Correlations Are Real

By Mark Roulo

Last Updated: August-2019


Predicting the 2016 Presidential Election

The pre-election polling models had Wisconsin, Michigan and Pennsylvania going for Hillary Clinton with probability of (from 538) Wisconsin: 84%, Michigan: 79%, Pennsylvania: 77%. What most models assumed was that the results in the three states were independent, so Hillary would expect to win two of the states about 90% of the time with about a 50% chance at winning all three.

Considering the electoral votes per state and the individual probabilities of winning each state, we get the following table of probabilities (above line is Hillary winning at least two states):

Wisconsin Michigan PennsylvaniaElectoral Votes
10 16 20 HillaryTrump
51% Hillary Hillary Hillary 46 0
10% Trump Hillary Hillary 36 10
14% Hillary Trump Hillary 30 16
15% Hillary Hillary Trump 26 20

3% Trump Trump Hillary 20 26
3% Trump Hillary Trump 16 30
4% Hillary Trump Trump 10 36
<1% Trump Trump Trump 0 46

If the three states are totally correlated (so they will have the same result, whatever it is), then the probability table looks something much more like this:

Wisconsin Michigan PennsylvaniaElectoral Votes
10 16 20 HillaryTrump
80% Hillary Hillary Hillary 46 0
20% Trump Trump Trump 0 46

This is a big difference, because in the uncorrelated case the chances of Trump winning all three states is less than 1% but in the correlated case it is close to 20%.
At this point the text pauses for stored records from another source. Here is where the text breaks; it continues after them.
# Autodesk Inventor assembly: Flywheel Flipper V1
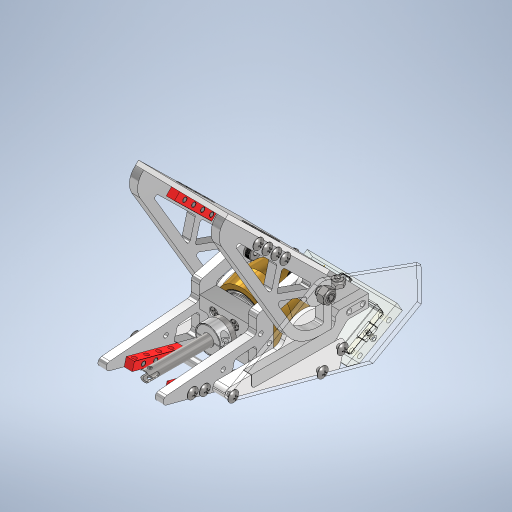
[picture p0: Inventor's stored thumbnail of the model, 512x512]
Saved by Autodesk Inventor 2023.2 (Build 272271000, 271)
## iProperties
Created: 2024-01-10
Part Number: Flywheel Flipper V1
Document SubType Name: Assembly
Designer: Nathan Cai
Mass: 850.1 g
Surface Area: 1945.3 cm^2
Volume: 280.521 cm^3
Density: 3.03043 g/cm^3
Author: Nathan Cai
## Documents named in this file (49)
- E:\Documents\Inventor\Flipper V0.1\Flywheel Flipper V1.iam
- E:\Documents\Inventor\Flipper V0.1\Shaft.ipt
- E:\Documents\Inventor\Flipper V0.1\Bushing.ipt
- E:\Documents\Inventor\Flipper V0.1\Clutch.ipt
- E:\Documents\Inventor\Flipper V0.1\Flywheel.ipt
- E:\Documents\Inventor\Flipper V0.1\98541A119_External Retaining Ring\98541A119_External Retaining Ring.ipt
- E:\Documents\Inventor\Flipper V0.1\98541A420_External Retaining Ring\98541A420_External Retaining Ring.ipt
- E:\Documents\Inventor\Flipper V0.1\Temp - Can.ipt
- E:\Documents\Inventor\Flipper V0.1\Base.ipt
- E:\Documents\Inventor\Flipper V0.1\Temp - Coils.ipt
- E:\Documents\Inventor\Flipper V0.1\Temp - Thrust Bearing.ipt
- E:\Documents\Inventor\Flipper V0.1\Cup.ipt
- E:\Documents\Inventor\Flipper V0.1\Bracket.ipt
- E:\Documents\Inventor\Flipper V0.1\Uprights.ipt
- E:\Documents\Inventor\Flipper V0.1\Arms.ipt
- E:\Documents\Inventor\Flipper V0.1\Rack - Top.ipt
- E:\Documents\Inventor\Flipper V0.1\1561T742_Stacked Wave Disc Spring\1561T742_Stacked Wave Disc Spring.ipt
- E:\Documents\Inventor\Flipper V0.1\4668K148_Permanently Lubricated Stainless Steel Ball Bearing\4668K148_Permanently Lubricated Stainless Steel Ball Bearing.ipt
- E:\Documents\Inventor\Flipper V0.1\9731N46_Clamping Two-Piece Shaft Collar\9731N46_Clamping Two-Piece Shaft Collar.ipt
- E:\Documents\Inventor\Flipper V0.1\Teeth.ipt
- E:\Documents\Inventor\Flipper V0.1\Lever.ipt
- E:\Documents\Inventor\Flipper V0.1\BB 13x19x4.ipt
- E:\Documents\Inventor\Flipper V0.1\1-4in ID Ball Bearing.ipt
- E:\Documents\Inventor\Flipper V0.1\ramp.ipt
- E:\Documents\Inventor\Flipper V0.1\Standoff 1in.ipt
- E:\Documents\Inventor\Flipper V0.1\Uprights - Cover.ipt
- E:\Documents\Inventor\Flipper V0.1\Cam - Shell.ipt
- E:\Documents\Inventor\Flipper V0.1\Cam - Lever.ipt
- E:\Documents\Inventor\Flipper V0.1\Lever - Free.ipt
- E:\Documents\Inventor\Flipper V0.1\8mm x 16mm Flanged Ball Bearing\8mm x 16mm Flanged Ball Bearing.ipt
- E:\Documents\Inventor\Content Center Files\R2023\en-US\ANSI B18.6.3(12)\ANSI B18.6.3 - 6-32 UNC - 0.75(15_).ipt
- E:\Documents\Inventor\Content Center Files\R2023\en-US\ANSI B18.6.3(27)\ANSI B18.6.3 - 6-32 UNC - 0.5(11).ipt
- E:\Documents\Inventor\Content Center Files\R2023\en-US\ANSI B18.6.3(27)\ANSI B18.6.3 - 6-32 UNC - 1(11).ipt
- E:\Documents\Inventor\Flipper V0.1\91259A539_Alloy Steel Shoulder Screw\91259A539_Alloy Steel Shoulder Screw.ipt
- E:\Documents\Inventor\Flipper V0.1\90631A011_Low-Strength Steel Nylon-Insert Locknut\90631A011_Low-Strength Steel Nylon-Insert Locknut.ipt
- E:\Documents\Inventor\Flipper V0.1\Nut Strip 4x4.ipt
- E:\Documents\Inventor\Flipper V0.1\Nut Strip 2x1.ipt
- E:\Documents\Inventor\Flipper V0.1\Exports\Ramp.ipt
- E:\Documents\Inventor\Flipper V0.1\Glider.ipt
- E:\Documents\Inventor\Flipper V0.1\Glider_MIR.ipt
- E:\Documents\Inventor\Flipper V0.1\Exports\Spacer.ipt
- E:\Documents\Inventor\Content Center Files\R2023\en-US\ANSI B18.3(12)\ANSI B18.3 - 6-32 UNC - 0.375(29).ipt
- E:\Documents\Inventor\Flipper V0.1\Exports\Roller.ipt
- E:\Documents\Inventor\Content Center Files\R2023\en-US\ANSI B18.6.3(12)\ANSI B18.6.3 - 6-32 UNC - 0.375(15_).ipt
- E:\Documents\Inventor\Content Center Files\R2023\en-US\SAE J773b\SAE J773b - No. 6. SAE Type L. narrow.ipt
- E:\Documents\Inventor\Content Center Files\R2023\en-US\ANSI B18.2.2(06)\ANSI B18.2.2 - 6 - 32(06).ipt
- E:\Documents\Inventor\Flipper V0.1\Part1\Part1.ipt
- E:\Documents\Inventor\Content Center Files\R2023\en-US\IFI 100 107(2)\IFI 100_107 - No. 6 - 32 Metal Type.ipt
- E:\Documents\Inventor\Flipper V0.1\Exports\Servo Support.ipt
## Components (94 placed, 48 different names)
1. Shaft:1 — Mate:3, Mate:4, Mate:15, Mate:29, Mate:46, Mate:67, Mate:73, Mate:74, Mate:82, Flush:50, Mate:19, Mate:24, Mate:98, Mate:152, Mate:153, Mate:155
2. Bushing:1 — Mate:3, Mate:4, Mate:5, Mate:7, Mate:13, Mate:34, Mate:116, Mate:117
3. Clutch:1 — Mate:5, Mate:7, Mate:14, Mate:34
4. Flywheel:1 — Mate:19, Mate:20, Mate:21, Mate:46, Mate:89, Mate:90, Mate:97, Mate:150, Mate:154
5. 98541A119_External Retaining Ring:1 — Mate:15, Mate:67
6. 98541A420_External Retaining Ring:1 — Mate:13, Mate:14
7. Temp - Can:1 — Mate:20, Mate:21, Mate:22
8. Base:1 — Mate:22, Mate:24, Mate:26, Mate:39, Mate:42, Mate:72, Mate:91, Mate:200
9. Temp - Coils:1 — Mate:26, Mate:200
10. Temp - Thrust Bearing:1 — Mate:29, Mate:40, Mate:99
11. Cup:1 — Mate:75, Tangent:1, Mate:118, Mate:119
12. Bracket:1 — Mate:39, Mate:40, Mate:42, Flush:48, Mate:47, Mate:48, Mate:49, Mate:50, Mate:51, Mate:52, Mate:72, Mate:156, Mate:310, Mate:311, Mate:312, Mate:313
13. Uprights:1 — Mate:47, Mate:48, Mate:49, Mate:70, Mate:71, Mate:115, Mate:137, Mate:139, Angle:1, Mate:180, Mate:181, Mate:195, Mate:196, Flush:63, Mate:241, Mate:242, Mate:243, Mate:245, Mate:240, Mate:306, Mate:307, Mate:308, Mate:309, Angle:2
14. Uprights:2 — Mate:50, Mate:51, Mate:52, Mate:68, Mate:69, Mate:134, Mate:142, Mate:182, Mate:183, Mate:197, Flush:64, Mate:199, Mate:238, Mate:239, Mate:247, Mate:302, Mate:303, Mate:304, Mate:305
15. Uprights - Cover:1 — Mate:133, Mate:134, Mate:185, Mate:283, Mate:284, Mate:285, Mate:286, Mate:287, Mate:288
16. Uprights - Cover:2 — Mate:136, Mate:137, Mate:187, Mate:289, Mate:290, Mate:292, Mate:293, Mate:294
17. Arms:1 — Mate:68, Mate:69, Flush:49, Mate:133, Flush:65, Mate:208, Mate:258, Mate:259, Mate:260, Mate:261, Mate:262, Mate:263, Mate:264, Mate:265
18. Arms:2 — Mate:70, Mate:71, Flush:49, Mate:136, Rotation/Translation:1, Angle:1, Mate:207, Transitional:4, Mate:250, Mate:251, Mate:252, Mate:253, Mate:254, Mate:255, Mate:256, Mate:257
19. Rack - Top:1 — Mate:109, Flush:53, Flush:54, Mate:110, Flush:55, Flush:56, Mate:123, Flush:57, Mate:155, Mate:173, Mate:335, Mate:337
20. ramp:1 — Mate:123, Flush:57, Transitional:3, Mate:173, Mate:332, Mate:333, Mate:334, Mate:336
21. 1561T742_Stacked Wave Disc Spring:1 — Mate:82, Flush:50
22. 4668K148_Permanently Lubricated Stainless Steel Ball Bearing:1 — Mate:89, Mate:90, Mate:91
23. 9731N46_Clamping Two-Piece Shaft Collar:1 — Mate:98, Mate:99
24. Teeth:1 — Mate:109, Flush:53, Flush:54
25. Teeth:2 — Mate:110, Flush:55, Flush:56, Rotation/Translation:1, Flush:66, Mate:244, Transitional:4
26. Lever:1 — Mate:115, Tangent:1, Mate:120, Mate:121, Mate:131, Mate:139, Mate:163, Mate:164, Mate:295, Mate:296, Mate:298, Mate:299, Mate:300, Mate:301
27. Lever - Free:1 — Mate:165, Mate:166
28. BB 13x19x4:1 — Mate:116, Mate:117, Mate:118, Mate:119
29. 1-4in ID Ball Bearing:1 — Mate:120, Mate:121, Transitional:3
30. 1-4in ID Ball Bearing:2 — Mate:130
31. Standoff 1in:1 — Mate:130, Mate:131
32. Standoff 1in:2 — Mate:142
33. Cam - Shell:1 — Mate:145, Mate:146, Mate:315
34. Cam - Lever:1 — Mate:145, Mate:146, Mate:314, Flush:67
35. 8mm x 16mm Flanged Ball Bearing:1 — Mate:150, Mate:153, Mate:154
36. 8mm x 16mm Flanged Ball Bearing:2 — Mate:152, Mate:156
37. 91259A539_Alloy Steel Shoulder Screw:1 — Mate:180, Mate:181, Mate:186, Mate:246
38. 91259A539_Alloy Steel Shoulder Screw:2 — Mate:182, Mate:183, Mate:184, Mate:248
39. 90631A011_Low-Strength Steel Nylon-Insert Locknut:1 — Mate:186, Mate:187
40. 90631A011_Low-Strength Steel Nylon-Insert Locknut:2 — Mate:184, Mate:185
41. Nut Strip 4x4:2
42. Nut Strip 4x4:1
43. Nut Strip 4x4:3 — Mate:195, Mate:210, Mate:274
44. Nut Strip 4x4:4
45. Nut Strip 2x1:1 — Mate:196, Flush:63, Mate:198
46. Nut Strip 2x1:2 — Mate:197, Flush:64, Mate:198, Mate:199
47. Ramp:1 — Mate:207, Flush:65, Mate:208, Mate:266, Mate:267, Mate:268, Mate:269, Mate:270, Mate:271, Mate:272, Mate:273
48. Standoff 1in:3 — Mate:210, Mate:274
49. Glider:1 — Mate:238, Mate:239, Mate:240
50. Glider_MIR:1 — Mate:241, Mate:242, Mate:243, Flush:66, Mate:244, Mate:291
51. Spacer:1 — Mate:245, Mate:246
52. Spacer:2 — Mate:247, Mate:248
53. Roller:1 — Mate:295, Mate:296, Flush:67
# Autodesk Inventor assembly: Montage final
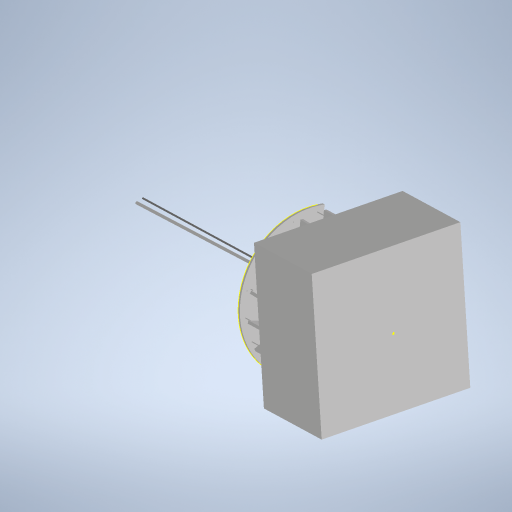
[picture p0: Inventor's stored thumbnail of the model, 512x512]
Saved by Autodesk Inventor 2023 (Build 270158000, 158)
## iProperties
Created: 2022-11-02
Part Number: Montage final
Document SubType Name: Assembly
Designer: Julia
Author: Julia
## Documents named in this file (7)
- C:\Users\Julia\OneDrive\Bureau\PIE\Montage final.iam
- C:\Users\Julia\OneDrive\Bureau\PIE\plaque dessus.ipt
- C:\Users\Julia\OneDrive\Bureau\PIE\plaque de separation.ipt
- C:\Users\Julia\OneDrive\Bureau\PIE\barre plaque.ipt
- C:\Users\Julia\OneDrive\Bureau\PIE\tube acier.ipt
- C:\Users\Julia\OneDrive\Bureau\PIE\tige filetée.ipt
- C:\Users\Julia\OneDrive\Bureau\PIE\bloc percé.ipt
## Components (36 placed, 6 different names)
1. plaque dessus:1 — Rigide:1, Placage:2, Placage:3, Placage:4, Placage:5, Placage:6, Placage:7, Placage:8, Placage:9, Placage:10, Placage:11, Placage:12
2. plaque de separation:1
3. plaque de separation:2 — Placage:8
4. plaque de separation:3 — Placage:11
5. plaque de separation:4 — Placage:10
6. plaque de separation:5 — Placage:9
7. plaque de separation:6 — Placage:3, Logement:6, Logement:19
8. plaque de separation:7 — Placage:5, Logement:7, Logement:8
9. plaque de separation:8 — Placage:6, Logement:12, Logement:13
10. plaque de separation:9 — Placage:12, Logement:3, Logement:4
11. plaque de separation:10 — Placage:7, Logement:20
12. plaque de separation:11 — Placage:4, Logement:1, Logement:2
13. plaque dessus:2 — Placage:13, Logement:14, Logement:15, Logement:16, Placage:14, Placage:15
14. barre plaque:1
15. barre plaque:2
16. barre plaque:3
17. barre plaque:4
18. barre plaque:5
19. barre plaque:6 — Logement:4
20. barre plaque:7
21. barre plaque:8 — Logement:3
22. barre plaque:9
23. barre plaque:10 — Logement:6
24. barre plaque:11 — Logement:2, Logement:16
25. barre plaque:12 — Logement:19, Placage:14
26. barre plaque:13 — Logement:13, Logement:14
27. barre plaque:14 — Logement:20
28. barre plaque:15 — Placage:13
29. barre plaque:16
30. barre plaque:17 — Logement:12
31. barre plaque:18 — Logement:7
32. barre plaque:19 — Logement:8, Placage:15
33. barre plaque:20 — Logement:1, Logement:15
34. tube acier:1
35. tige filetée:1 — Rigide:1, Placage:1
36. bloc percé:1 — Placage:1, Placage:2
## Relationships (30: Mate 15, Insert 14, WeldJoint 1)
- Rigide:1 [WeldJoint] (300 mm): plaque dessus:1 ↔ tige filetée:1
- Placage:1 [Mate]: tige filetée:1 ↔ bloc percé:1
- Placage:2 [Mate]: plaque dessus:1 ↔ bloc percé:1
- Placage:3 [Mate]: plaque dessus:1 ↔ plaque de separation:6
- Placage:4 [Mate]: plaque dessus:1 ↔ plaque de separation:11
- Placage:5 [Mate]: plaque dessus:1 ↔ plaque de separation:7
- Placage:6 [Mate]: plaque dessus:1 ↔ plaque de separation:8
- Placage:7 [Mate]: plaque dessus:1 ↔ plaque de separation:10
- Placage:8 [Mate]: plaque dessus:1 ↔ plaque de separation:2
- Placage:9 [Mate]: plaque dessus:1 ↔ plaque de separation:5
- Placage:10 [Mate]: plaque dessus:1 ↔ plaque de separation:4
- Placage:11 [Mate]: plaque dessus:1 ↔ plaque de separation:3
- Placage:12 [Mate]: plaque dessus:1 ↔ plaque de separation:9
- Placage:13 [Mate] (10 mm): plaque dessus:2 ↔ barre plaque:15
- Logement:1 [Insert]: plaque de separation:11 ↔ barre plaque:20
- Logement:2 [Insert]: plaque de separation:11 ↔ barre plaque:11
- Logement:3 [Insert]: plaque de separation:9 ↔ barre plaque:8
- Logement:4 [Insert]: plaque de separation:9 ↔ barre plaque:6
- Logement:6 [Insert]: plaque de separation:6 ↔ barre plaque:10
- Logement:7 [Insert]: plaque de separation:7 ↔ barre plaque:18
- Logement:8 [Insert]: plaque de separation:7 ↔ barre plaque:19
- Logement:12 [Insert]: plaque de separation:8 ↔ barre plaque:17
- Logement:13 [Insert]: plaque de separation:8 ↔ barre plaque:13
- Logement:14 [Insert]: plaque dessus:2 ↔ barre plaque:13
- Logement:15 [Insert]: plaque dessus:2 ↔ barre plaque:20
- Logement:16 [Insert]: plaque dessus:2 ↔ barre plaque:11
- Logement:19 [Insert]: plaque de separation:6 ↔ barre plaque:12
- Placage:14 [Mate]: plaque dessus:2 ↔ barre plaque:12
- Placage:15 [Mate]: plaque dessus:2 ↔ barre plaque:19
- Logement:20 [Insert]: plaque de separation:10 ↔ barre plaque:14
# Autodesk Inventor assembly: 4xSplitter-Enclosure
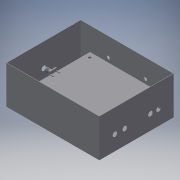
[picture p0: Inventor's stored thumbnail of the model, 180x180]
Saved by Autodesk Inventor 2018 (Build 220112000, 112)
## iProperties
Created: 2018-04-30
Part Number: 4xSplitter-Enclosure
Document SubType Name: Assembly
Designer: bbramman
Author: bbramman
## Documents named in this file (3)
- C:\Users\bbramman\OneDrive\Documents\Trapped Ion Research (Grad)\Electronics\pll-evalboard-synthesizer\Box CAD\4xSplitter-Enclosure.iam
- C:\Users\bbramman\OneDrive\Documents\Trapped Ion Research (Grad)\Electronics\pll-evalboard-synthesizer\Box CAD\563-AC-1404-4xSplitter.ipt
- C:\Users\bbramman\OneDrive\Documents\Trapped Ion Research (Grad)\Electronics\pll-evalboard-synthesizer\Box CAD\4xSplitter.iam
## Components (2 placed, 2 different names)
1. 563-AC-1404-4xSplitter:1 — Insert:1
2. 4xSplitter:1 [sub-assembly] — Insert:1
## Relationships (1: Insert 1)
- Insert:1 (19.05 mm): 563-AC-1404-4xSplitter:1 ↔ 4xSplitter:1
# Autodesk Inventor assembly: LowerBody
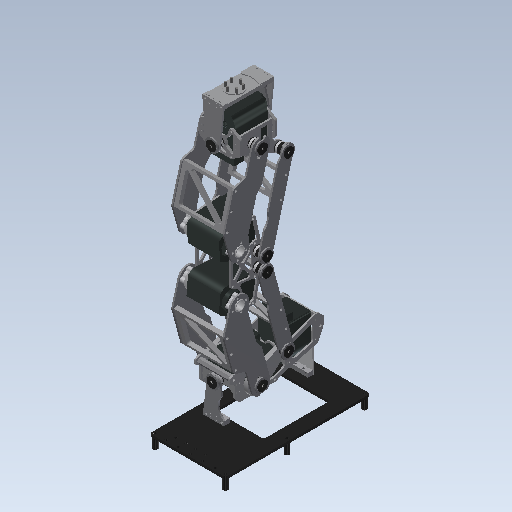
[picture p0: Inventor's stored thumbnail of the model, 512x512]
Saved by Autodesk Inventor 2020.4 (Build 244396000, 396)
## iProperties
Created: 2016-08-23
Part Number: LowerBody
Material: 一般
Document SubType Name: Assembly
Designer: hiro
Mass: 988.92 g
Surface Area: 2590.63 cm^2
Volume: 450.085 cm^3
Density: 2.19718 g/cm^3
Author: hiro
## Documents named in this file (13)
- C:\Users\Masato\Documents\Inventor\CIT Brains_Inventor\OpenPlatform_ver3_0\LowerBody.iam
- C:\Users\Masato\Documents\Inventor\CIT Brains_Inventor\OpenPlatform_ver3_0\LowerBody\Ankle\Ankle.iam
- C:\Users\Masato\Documents\Inventor\CIT Brains_Inventor\OpenPlatform_ver3_0\LowerBody\Ankle\Ankle_side_pitch.iam
- C:\Users\Masato\Documents\Inventor\CIT Brains_Inventor\OpenPlatform_ver3_0\LowerBody\Link\LowerFrontLink.iam
- C:\Users\Masato\Documents\Inventor\CIT Brains_Inventor\OpenPlatform_ver3_0\LowerBody\Leg_joint_roll\Leg_Joint_roll.iam
- C:\Users\Masato\Documents\Inventor\CIT Brains_Inventor\OpenPlatform_ver3_0\LowerBody\Link\LowerBackLink.iam
- C:\Users\Masato\Documents\Inventor\CIT Brains_Inventor\OpenPlatform_ver3_0\LowerBody\Slider_crank\Slider_crank_mechanism.iam
- C:\Users\Masato\Documents\Inventor\CIT Brains_Inventor\OpenPlatform_ver3_0\LowerBody\Knee\Knee.iam
- C:\Users\Masato\Documents\Inventor\CIT Brains_Inventor\OpenPlatform_ver3_0\LowerBody\Leg_joit\Leg_joint.iam
- C:\Users\Masato\Documents\Inventor\CIT Brains_Inventor\OpenPlatform_ver3_0\LowerBody\Link\UpperBackLink.iam
- C:\Users\Masato\Documents\Inventor\CIT Brains_Inventor\OpenPlatform_ver3_0\LowerBody\Link\UpperFrontLink.iam
- C:\Users\Masato\Documents\Inventor\CIT Brains_Inventor\OpenPlatform_ver3_0\LowerBody\Foot\foot.iam
- C:\Users\Masato\Documents\Inventor\CIT Brains_Inventor\OpenPlatform_ver3_0\Ready_Made\Screw\M2_5-10.ipt
## Components (18 placed, 12 different names)
1. 付け根ロール_1:1 [sub-assembly] — 角度:12, 挿入:146, 挿入:147, 角度:14, 挿入:153, 挿入:154, 挿入:155, 挿入:156, 挿入:157, 挿入:158
2. Slider_crank_mechanism:1 [sub-assembly] — 挿入:145, 挿入:146
3. 付け根_1:1 [sub-assembly] — メイト:1, メイト:2, 挿入:142, 挿入:144, 挿入:145, 挿入:147
4. UpperFrontLink:1 [sub-assembly] — 角度:12, 挿入:139, 挿入:144
5. UpperBackLink:1 [sub-assembly] — 挿入:141, 挿入:142
6. 膝_1:1 [sub-assembly] — 挿入:129, 挿入:139, 挿入:141, 挿入:143
7. LowerFrontLink:2 [sub-assembly] — 挿入:129, 挿入:148, 角度:13
8. LowerBackLink:1 [sub-assembly] — 挿入:143, 挿入:149, 挿入:151
9. 足首_1:1 [sub-assembly] — 挿入:124, 挿入:150, 挿入:152
10. Foot:1 [sub-assembly] — 挿入:152, 角度:13, 角度:14
11. 足首_独立ピッチ_1:1 [sub-assembly] — 挿入:124, 挿入:148, 挿入:149
12. 足首_独立ピッチ_1:2 [sub-assembly] — 挿入:150, 挿入:151
13. M2_5-10:1 — 挿入:153
14. M2_5-10:2 — 挿入:154
15. M2_5-10:3 — 挿入:155
16. M2_5-10:4 — 挿入:156
17. M2_5-10:5 — 挿入:157
18. M2_5-10:6 — 挿入:158
## Relationships (26: Insert 21, Angle 3, Mate 2)
- 角度:12 [Angle] (15 deg): 付け根ロール_1:1 ↔ UpperFrontLink:1
- 挿入:124 [Insert]: 足首_1:1 ↔ 足首_独立ピッチ_1:1
- 挿入:129 [Insert]: 膝_1:1 ↔ LowerFrontLink:2
- メイト:1 [Mate] (-16.5 mm): 付け根_1:1
- メイト:2 [Mate] (-27 mm): 付け根_1:1
- 挿入:139 [Insert]: UpperFrontLink:1 ↔ 膝_1:1
- 挿入:141 [Insert]: UpperBackLink:1 ↔ 膝_1:1
- 挿入:142 [Insert]: 付け根_1:1 ↔ UpperBackLink:1
- 挿入:143 [Insert]: 膝_1:1 ↔ LowerBackLink:1
- 挿入:144 [Insert]: 付け根_1:1 ↔ UpperFrontLink:1
- 挿入:145 [Insert]: Slider_crank_mechanism:1 ↔ 付け根_1:1
- 挿入:146 [Insert]: 付け根ロール_1:1 ↔ Slider_crank_mechanism:1
- 挿入:147 [Insert]: 付け根ロール_1:1 ↔ 付け根_1:1
- 挿入:148 [Insert]: LowerFrontLink:2 ↔ 足首_独立ピッチ_1:1
- 挿入:149 [Insert]: LowerBackLink:1 ↔ 足首_独立ピッチ_1:1
- 挿入:150 [Insert]: 足首_1:1 ↔ 足首_独立ピッチ_1:2
- 挿入:151 [Insert]: LowerBackLink:1 ↔ 足首_独立ピッチ_1:2
- 挿入:152 [Insert]: 足首_1:1 ↔ Foot:1
- 角度:13 [Angle] (15 deg): LowerFrontLink:2 ↔ Foot:1
- 角度:14 [Angle] (0 deg): 付け根ロール_1:1 ↔ Foot:1
- 挿入:153 [Insert]: 付け根ロール_1:1 ↔ M2_5-10:1
- 挿入:154 [Insert]: 付け根ロール_1:1 ↔ M2_5-10:2
- 挿入:155 [Insert]: 付け根ロール_1:1 ↔ M2_5-10:3
- 挿入:156 [Insert]: 付け根ロール_1:1 ↔ M2_5-10:4
- 挿入:157 [Insert]: 付け根ロール_1:1 ↔ M2_5-10:5
- 挿入:158 [Insert]: 付け根ロール_1:1 ↔ M2_5-10:6

The reality is somewhere between these two, but possibly closer to the totally correlated result table. Consider the results for the twelve previous presidential elections:

Year Wisconsin Michigan Pennsylvania
1968 Republican Democrat Democrat
1972 Republican Republican Republican
1976 Democrat Republican Democrat
1980 Republican Republican Republican
1984 Republican Republican Republican
1988 Democrat Republican Republican
1992 Democrat Democrat Democrat
1996 Democrat Democrat Democrat
2000 Democrat Democrat Democrat
2004 Democrat Democrat Democrat
2008 Democrat Democrat Democrat
2012 Democrat Democrat Democrat

In these 12 elections prior to 2016, the three states had voted identically nine times. A binomial expansion of complete independence would have predicted voting identically only three times, so it would have been reasonable to assume some fairly high correlation.

This fairly high correlation would have implied that Hillary had a better than expected in the non-correlated case chance of winning all three states — closer to 80% than to 50%, but much more dangerous for her that she also had a much better than expected chance to lose all three states — closer to 20% than to 1%.